** Information given follows **
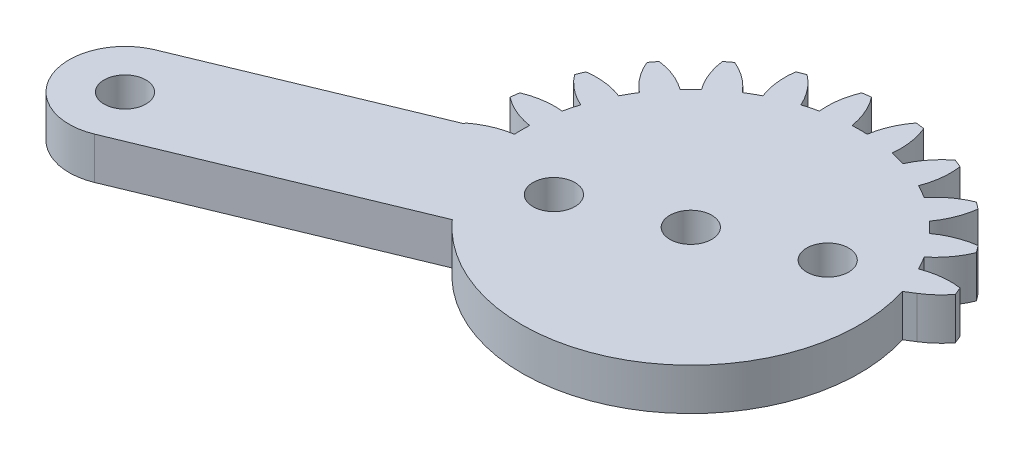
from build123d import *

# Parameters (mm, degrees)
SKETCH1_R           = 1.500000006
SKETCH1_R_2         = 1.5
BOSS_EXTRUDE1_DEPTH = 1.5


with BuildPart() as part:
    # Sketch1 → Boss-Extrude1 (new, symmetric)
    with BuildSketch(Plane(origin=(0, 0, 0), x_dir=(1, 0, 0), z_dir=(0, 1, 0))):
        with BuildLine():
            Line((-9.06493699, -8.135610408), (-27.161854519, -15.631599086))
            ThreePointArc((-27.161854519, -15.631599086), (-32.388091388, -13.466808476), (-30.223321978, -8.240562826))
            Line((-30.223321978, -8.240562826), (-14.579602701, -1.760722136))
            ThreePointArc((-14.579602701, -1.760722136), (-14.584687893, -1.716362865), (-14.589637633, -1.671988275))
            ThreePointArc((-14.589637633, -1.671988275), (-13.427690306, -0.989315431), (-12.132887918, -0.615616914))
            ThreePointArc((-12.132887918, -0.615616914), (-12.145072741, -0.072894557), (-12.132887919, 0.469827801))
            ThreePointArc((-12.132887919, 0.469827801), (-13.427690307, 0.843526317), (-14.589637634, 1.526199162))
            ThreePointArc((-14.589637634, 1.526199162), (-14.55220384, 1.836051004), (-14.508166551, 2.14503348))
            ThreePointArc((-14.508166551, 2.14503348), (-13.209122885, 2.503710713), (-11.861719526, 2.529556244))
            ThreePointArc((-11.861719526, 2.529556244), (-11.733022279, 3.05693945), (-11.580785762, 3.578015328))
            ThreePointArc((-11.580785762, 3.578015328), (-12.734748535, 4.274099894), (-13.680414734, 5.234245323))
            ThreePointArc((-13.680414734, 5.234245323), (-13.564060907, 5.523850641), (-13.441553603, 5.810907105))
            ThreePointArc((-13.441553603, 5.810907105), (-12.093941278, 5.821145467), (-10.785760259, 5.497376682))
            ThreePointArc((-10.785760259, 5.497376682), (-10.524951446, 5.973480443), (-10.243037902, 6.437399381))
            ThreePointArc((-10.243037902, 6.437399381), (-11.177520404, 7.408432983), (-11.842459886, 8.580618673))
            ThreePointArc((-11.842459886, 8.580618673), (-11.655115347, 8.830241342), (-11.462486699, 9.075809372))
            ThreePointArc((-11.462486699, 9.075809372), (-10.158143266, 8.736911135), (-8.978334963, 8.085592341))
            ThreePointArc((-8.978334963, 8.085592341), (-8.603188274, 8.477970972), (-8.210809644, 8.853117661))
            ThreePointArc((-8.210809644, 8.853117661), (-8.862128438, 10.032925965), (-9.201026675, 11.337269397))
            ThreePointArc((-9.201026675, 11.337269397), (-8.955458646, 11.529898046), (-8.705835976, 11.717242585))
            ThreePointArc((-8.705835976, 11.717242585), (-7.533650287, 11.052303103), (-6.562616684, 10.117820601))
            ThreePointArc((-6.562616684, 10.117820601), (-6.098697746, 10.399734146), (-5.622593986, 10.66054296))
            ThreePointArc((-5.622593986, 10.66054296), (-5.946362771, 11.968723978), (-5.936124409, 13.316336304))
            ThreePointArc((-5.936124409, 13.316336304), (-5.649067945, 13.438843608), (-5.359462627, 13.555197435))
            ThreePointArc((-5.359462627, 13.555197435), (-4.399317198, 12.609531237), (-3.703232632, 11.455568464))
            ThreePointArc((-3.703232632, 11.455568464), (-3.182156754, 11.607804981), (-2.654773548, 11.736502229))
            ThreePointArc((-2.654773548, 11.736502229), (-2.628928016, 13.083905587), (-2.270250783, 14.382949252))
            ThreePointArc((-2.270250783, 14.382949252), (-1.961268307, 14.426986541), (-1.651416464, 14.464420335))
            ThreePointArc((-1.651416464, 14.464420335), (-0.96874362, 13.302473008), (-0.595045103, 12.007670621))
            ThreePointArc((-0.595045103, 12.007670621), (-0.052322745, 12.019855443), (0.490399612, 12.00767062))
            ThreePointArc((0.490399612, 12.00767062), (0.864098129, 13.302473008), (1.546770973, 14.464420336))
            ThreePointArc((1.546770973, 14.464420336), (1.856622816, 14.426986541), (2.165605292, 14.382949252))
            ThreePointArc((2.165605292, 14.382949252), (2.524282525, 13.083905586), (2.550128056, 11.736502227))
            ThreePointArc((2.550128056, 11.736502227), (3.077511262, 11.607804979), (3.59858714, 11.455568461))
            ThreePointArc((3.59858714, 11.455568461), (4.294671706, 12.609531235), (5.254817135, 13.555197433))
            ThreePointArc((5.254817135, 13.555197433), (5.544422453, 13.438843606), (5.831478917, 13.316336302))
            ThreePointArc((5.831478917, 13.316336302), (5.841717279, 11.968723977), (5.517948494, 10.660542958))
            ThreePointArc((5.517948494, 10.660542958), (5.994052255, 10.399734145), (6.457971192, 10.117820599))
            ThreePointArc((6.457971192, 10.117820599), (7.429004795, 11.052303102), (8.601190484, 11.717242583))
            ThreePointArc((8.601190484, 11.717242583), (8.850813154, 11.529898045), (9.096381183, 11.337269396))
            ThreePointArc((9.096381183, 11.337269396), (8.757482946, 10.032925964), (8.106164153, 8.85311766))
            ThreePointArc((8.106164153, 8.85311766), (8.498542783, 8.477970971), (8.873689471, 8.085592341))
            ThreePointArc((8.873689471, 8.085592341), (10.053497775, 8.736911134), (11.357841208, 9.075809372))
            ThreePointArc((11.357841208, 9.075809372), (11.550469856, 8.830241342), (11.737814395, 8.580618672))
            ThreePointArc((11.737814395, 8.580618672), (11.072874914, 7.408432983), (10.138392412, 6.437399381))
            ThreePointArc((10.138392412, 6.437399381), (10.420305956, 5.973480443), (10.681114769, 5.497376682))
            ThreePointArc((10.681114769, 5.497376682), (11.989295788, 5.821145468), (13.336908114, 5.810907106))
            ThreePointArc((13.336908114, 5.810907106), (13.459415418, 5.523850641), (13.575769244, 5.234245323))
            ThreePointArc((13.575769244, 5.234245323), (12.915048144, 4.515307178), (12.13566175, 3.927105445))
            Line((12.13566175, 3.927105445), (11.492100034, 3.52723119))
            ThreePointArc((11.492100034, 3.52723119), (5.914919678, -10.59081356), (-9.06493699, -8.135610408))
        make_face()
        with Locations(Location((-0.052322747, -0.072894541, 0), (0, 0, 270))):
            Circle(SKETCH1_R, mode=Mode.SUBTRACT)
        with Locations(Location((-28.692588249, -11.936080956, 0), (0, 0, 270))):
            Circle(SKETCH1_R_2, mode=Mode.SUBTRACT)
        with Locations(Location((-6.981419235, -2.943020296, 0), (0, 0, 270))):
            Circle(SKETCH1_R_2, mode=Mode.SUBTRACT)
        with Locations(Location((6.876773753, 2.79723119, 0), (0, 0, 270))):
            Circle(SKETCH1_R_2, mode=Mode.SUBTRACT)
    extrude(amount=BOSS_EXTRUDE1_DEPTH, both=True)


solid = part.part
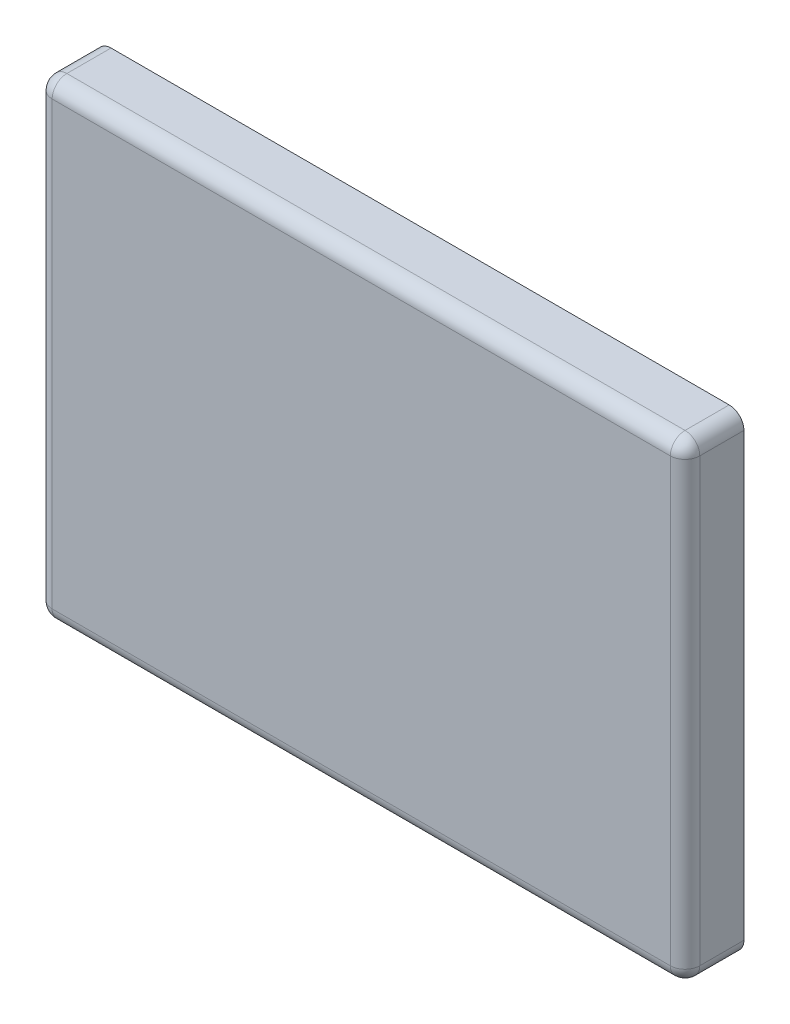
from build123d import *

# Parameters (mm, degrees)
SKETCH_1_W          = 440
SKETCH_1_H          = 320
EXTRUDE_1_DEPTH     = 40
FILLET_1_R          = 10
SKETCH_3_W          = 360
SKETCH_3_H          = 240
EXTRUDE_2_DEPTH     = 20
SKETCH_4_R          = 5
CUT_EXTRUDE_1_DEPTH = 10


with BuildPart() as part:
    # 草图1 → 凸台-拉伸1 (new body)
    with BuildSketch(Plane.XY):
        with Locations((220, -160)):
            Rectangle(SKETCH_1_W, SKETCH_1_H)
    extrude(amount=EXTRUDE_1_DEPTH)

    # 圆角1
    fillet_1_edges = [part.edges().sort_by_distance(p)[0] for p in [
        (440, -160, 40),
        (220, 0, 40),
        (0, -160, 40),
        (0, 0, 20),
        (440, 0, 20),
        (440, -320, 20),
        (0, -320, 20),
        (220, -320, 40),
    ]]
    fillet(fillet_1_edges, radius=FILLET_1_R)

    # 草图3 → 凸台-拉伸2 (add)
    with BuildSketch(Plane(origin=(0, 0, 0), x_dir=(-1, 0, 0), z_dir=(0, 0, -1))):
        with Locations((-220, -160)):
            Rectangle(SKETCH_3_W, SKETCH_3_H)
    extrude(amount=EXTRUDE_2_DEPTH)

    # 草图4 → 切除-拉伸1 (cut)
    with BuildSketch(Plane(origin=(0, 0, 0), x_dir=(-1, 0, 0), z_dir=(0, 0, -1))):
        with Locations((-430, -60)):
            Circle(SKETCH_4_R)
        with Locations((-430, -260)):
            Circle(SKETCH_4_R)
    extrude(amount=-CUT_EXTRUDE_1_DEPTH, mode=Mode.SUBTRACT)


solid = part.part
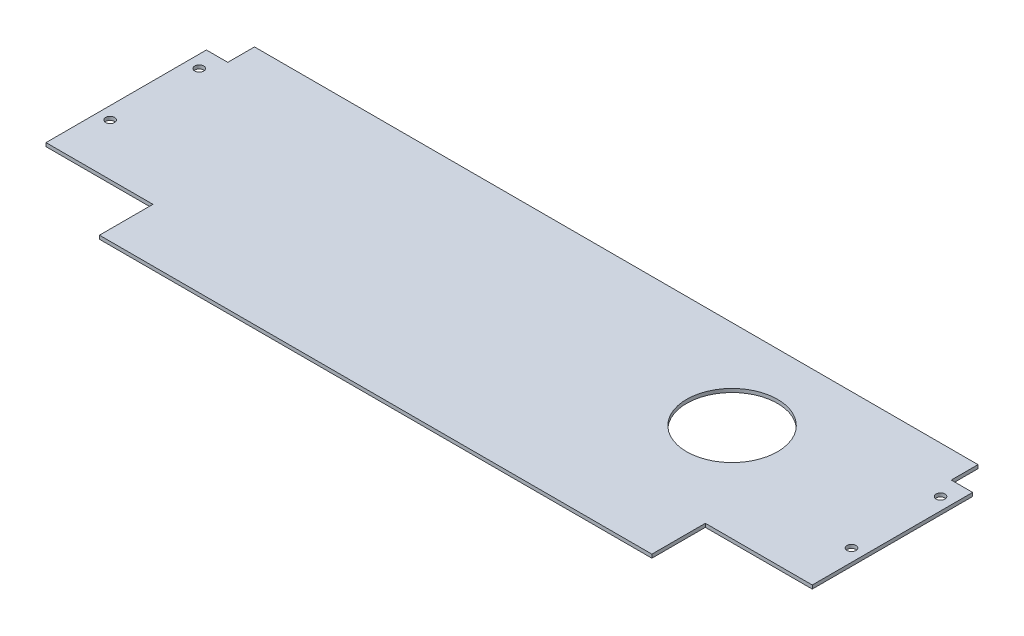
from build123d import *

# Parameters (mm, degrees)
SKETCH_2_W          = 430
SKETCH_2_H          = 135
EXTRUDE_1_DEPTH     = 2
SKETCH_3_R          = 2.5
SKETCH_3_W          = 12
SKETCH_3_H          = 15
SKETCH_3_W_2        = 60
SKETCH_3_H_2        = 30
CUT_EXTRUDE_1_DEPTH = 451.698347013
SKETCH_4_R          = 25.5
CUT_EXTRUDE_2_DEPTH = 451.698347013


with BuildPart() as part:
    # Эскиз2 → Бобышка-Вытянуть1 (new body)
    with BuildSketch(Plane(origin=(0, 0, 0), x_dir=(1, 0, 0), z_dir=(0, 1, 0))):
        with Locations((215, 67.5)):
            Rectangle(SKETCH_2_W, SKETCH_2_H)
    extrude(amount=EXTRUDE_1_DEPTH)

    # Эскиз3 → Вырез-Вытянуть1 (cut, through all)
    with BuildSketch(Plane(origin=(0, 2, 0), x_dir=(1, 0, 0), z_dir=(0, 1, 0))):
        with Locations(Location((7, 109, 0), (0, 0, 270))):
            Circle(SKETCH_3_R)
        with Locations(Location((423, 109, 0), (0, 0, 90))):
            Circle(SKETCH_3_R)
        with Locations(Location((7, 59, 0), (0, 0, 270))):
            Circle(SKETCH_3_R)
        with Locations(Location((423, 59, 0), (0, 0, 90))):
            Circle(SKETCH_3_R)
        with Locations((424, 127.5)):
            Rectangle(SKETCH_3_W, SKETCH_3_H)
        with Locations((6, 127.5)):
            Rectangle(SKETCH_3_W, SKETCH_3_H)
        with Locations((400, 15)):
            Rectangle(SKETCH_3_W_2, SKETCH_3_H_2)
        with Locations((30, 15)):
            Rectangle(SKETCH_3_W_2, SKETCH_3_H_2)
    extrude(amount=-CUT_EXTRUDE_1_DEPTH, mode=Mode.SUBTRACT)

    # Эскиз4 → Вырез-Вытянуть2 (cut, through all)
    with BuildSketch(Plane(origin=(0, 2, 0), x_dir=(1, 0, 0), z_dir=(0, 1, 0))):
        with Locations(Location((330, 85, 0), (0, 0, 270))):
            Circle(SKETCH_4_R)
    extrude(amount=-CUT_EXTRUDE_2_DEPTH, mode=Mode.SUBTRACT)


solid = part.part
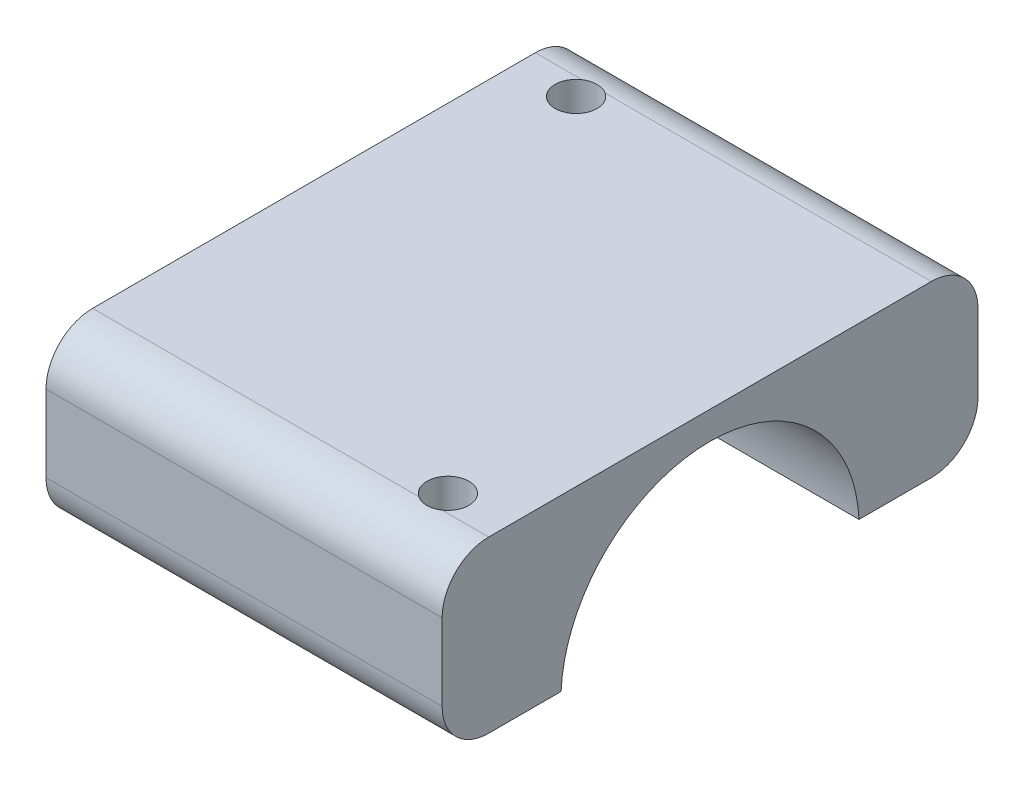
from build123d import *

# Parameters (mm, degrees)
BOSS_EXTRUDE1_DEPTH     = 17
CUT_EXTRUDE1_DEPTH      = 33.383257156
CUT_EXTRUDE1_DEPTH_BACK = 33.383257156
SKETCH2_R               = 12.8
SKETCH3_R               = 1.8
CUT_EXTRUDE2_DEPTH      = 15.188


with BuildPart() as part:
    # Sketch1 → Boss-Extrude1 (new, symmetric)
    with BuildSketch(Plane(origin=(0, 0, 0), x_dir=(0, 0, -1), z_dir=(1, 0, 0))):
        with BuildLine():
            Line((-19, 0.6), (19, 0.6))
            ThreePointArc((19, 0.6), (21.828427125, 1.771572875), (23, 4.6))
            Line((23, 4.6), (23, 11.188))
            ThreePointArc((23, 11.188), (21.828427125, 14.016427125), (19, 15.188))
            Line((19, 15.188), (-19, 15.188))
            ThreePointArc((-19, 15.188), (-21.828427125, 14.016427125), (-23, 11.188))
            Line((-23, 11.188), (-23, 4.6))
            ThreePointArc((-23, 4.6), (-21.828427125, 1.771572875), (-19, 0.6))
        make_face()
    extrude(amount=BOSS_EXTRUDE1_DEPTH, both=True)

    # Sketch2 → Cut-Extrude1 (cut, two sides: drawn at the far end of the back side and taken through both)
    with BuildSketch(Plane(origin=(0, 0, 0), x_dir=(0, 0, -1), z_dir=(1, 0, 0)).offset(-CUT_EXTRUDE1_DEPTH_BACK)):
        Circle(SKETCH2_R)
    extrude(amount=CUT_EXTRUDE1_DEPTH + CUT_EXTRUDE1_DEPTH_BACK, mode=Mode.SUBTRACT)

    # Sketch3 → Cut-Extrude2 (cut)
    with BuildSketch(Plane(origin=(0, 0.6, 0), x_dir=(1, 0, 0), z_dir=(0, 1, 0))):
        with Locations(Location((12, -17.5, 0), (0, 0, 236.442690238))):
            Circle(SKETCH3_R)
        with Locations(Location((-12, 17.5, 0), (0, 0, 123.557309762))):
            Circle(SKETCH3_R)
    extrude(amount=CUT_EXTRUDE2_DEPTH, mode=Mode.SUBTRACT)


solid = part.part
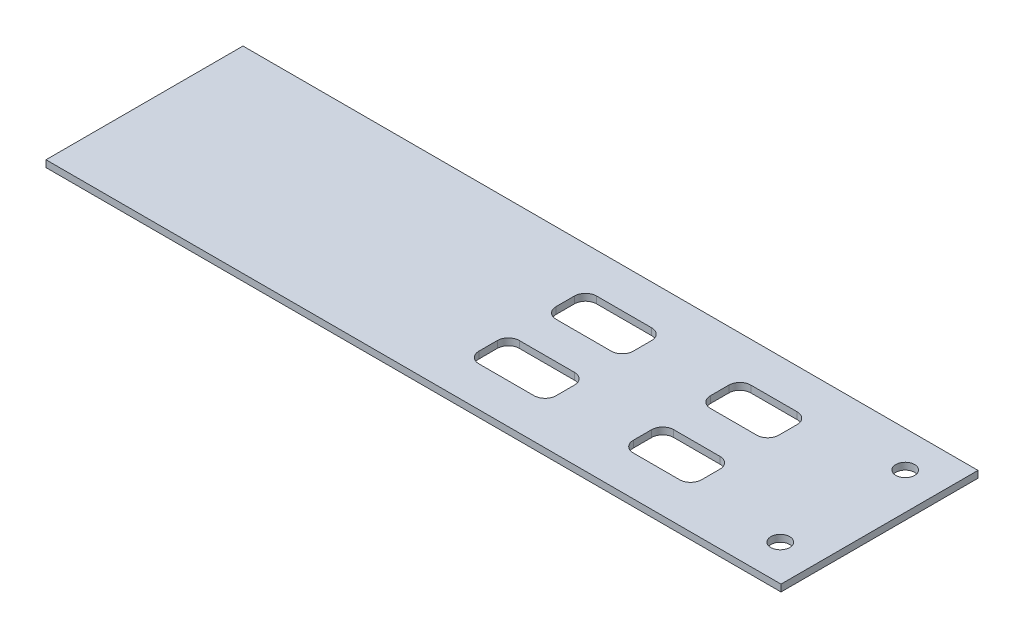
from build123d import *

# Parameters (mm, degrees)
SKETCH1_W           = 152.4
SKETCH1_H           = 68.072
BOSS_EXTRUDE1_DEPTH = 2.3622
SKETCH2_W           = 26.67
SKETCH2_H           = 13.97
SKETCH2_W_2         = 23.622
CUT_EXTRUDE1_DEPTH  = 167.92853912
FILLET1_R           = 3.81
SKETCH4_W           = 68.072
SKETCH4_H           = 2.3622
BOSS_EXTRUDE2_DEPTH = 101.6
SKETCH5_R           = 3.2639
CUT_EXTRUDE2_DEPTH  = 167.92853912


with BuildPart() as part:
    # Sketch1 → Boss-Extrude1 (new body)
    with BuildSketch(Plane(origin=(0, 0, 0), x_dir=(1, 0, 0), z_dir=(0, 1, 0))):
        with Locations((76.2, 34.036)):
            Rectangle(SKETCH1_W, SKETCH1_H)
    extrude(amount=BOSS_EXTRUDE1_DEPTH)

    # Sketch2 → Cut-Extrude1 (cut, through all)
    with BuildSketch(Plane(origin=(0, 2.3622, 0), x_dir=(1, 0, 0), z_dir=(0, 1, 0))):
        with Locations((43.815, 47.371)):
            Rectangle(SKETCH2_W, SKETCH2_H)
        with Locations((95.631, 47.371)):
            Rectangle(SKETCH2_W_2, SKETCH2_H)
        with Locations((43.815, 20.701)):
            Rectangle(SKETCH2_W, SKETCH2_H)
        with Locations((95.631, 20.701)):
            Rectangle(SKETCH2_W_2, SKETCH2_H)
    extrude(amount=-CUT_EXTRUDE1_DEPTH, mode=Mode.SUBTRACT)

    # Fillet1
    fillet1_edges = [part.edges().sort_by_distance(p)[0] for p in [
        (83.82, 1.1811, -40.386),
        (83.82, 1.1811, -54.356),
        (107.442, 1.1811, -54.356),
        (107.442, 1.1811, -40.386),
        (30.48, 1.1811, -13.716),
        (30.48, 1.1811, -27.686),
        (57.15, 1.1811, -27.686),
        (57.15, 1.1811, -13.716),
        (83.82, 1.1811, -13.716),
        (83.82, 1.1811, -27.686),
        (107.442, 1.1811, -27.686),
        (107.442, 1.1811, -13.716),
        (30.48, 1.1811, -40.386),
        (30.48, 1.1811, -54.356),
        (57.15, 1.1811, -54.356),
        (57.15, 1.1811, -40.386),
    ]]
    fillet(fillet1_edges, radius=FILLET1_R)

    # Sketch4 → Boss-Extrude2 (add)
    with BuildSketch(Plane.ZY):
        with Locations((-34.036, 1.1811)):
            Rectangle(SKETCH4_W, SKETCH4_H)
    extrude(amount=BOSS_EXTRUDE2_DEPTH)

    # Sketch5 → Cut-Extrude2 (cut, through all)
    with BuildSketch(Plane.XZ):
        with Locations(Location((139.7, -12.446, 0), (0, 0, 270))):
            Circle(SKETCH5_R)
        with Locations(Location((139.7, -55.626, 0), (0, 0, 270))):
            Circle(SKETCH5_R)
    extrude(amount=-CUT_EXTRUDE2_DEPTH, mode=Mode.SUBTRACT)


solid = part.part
** End of Information given **
Aim of the task:
Among the lines above, find those with the string "SUBTRACT" and copy them.

Completed exercise:
            Circle(SKETCH1_R, mode=Mode.SUBTRACT)
            Circle(SKETCH1_R_2, mode=Mode.SUBTRACT)
            Circle(SKETCH1_R_2, mode=Mode.SUBTRACT)
            Circle(SKETCH1_R_2, mode=Mode.SUBTRACT)
    extrude(amount=-CUT_EXTRUDE_1_DEPTH, mode=Mode.SUBTRACT)
    extrude(amount=-CUT_EXTRUDE_1_DEPTH, mode=Mode.SUBTRACT)
    extrude(amount=-CUT_EXTRUDE_2_DEPTH, mode=Mode.SUBTRACT)
    extrude(amount=CUT_EXTRUDE1_DEPTH + CUT_EXTRUDE1_DEPTH_BACK, mode=Mode.SUBTRACT)
    extrude(amount=CUT_EXTRUDE2_DEPTH, mode=Mode.SUBTRACT)
    extrude(amount=-CUT_EXTRUDE1_DEPTH, mode=Mode.SUBTRACT)
    extrude(amount=-CUT_EXTRUDE2_DEPTH, mode=Mode.SUBTRACT)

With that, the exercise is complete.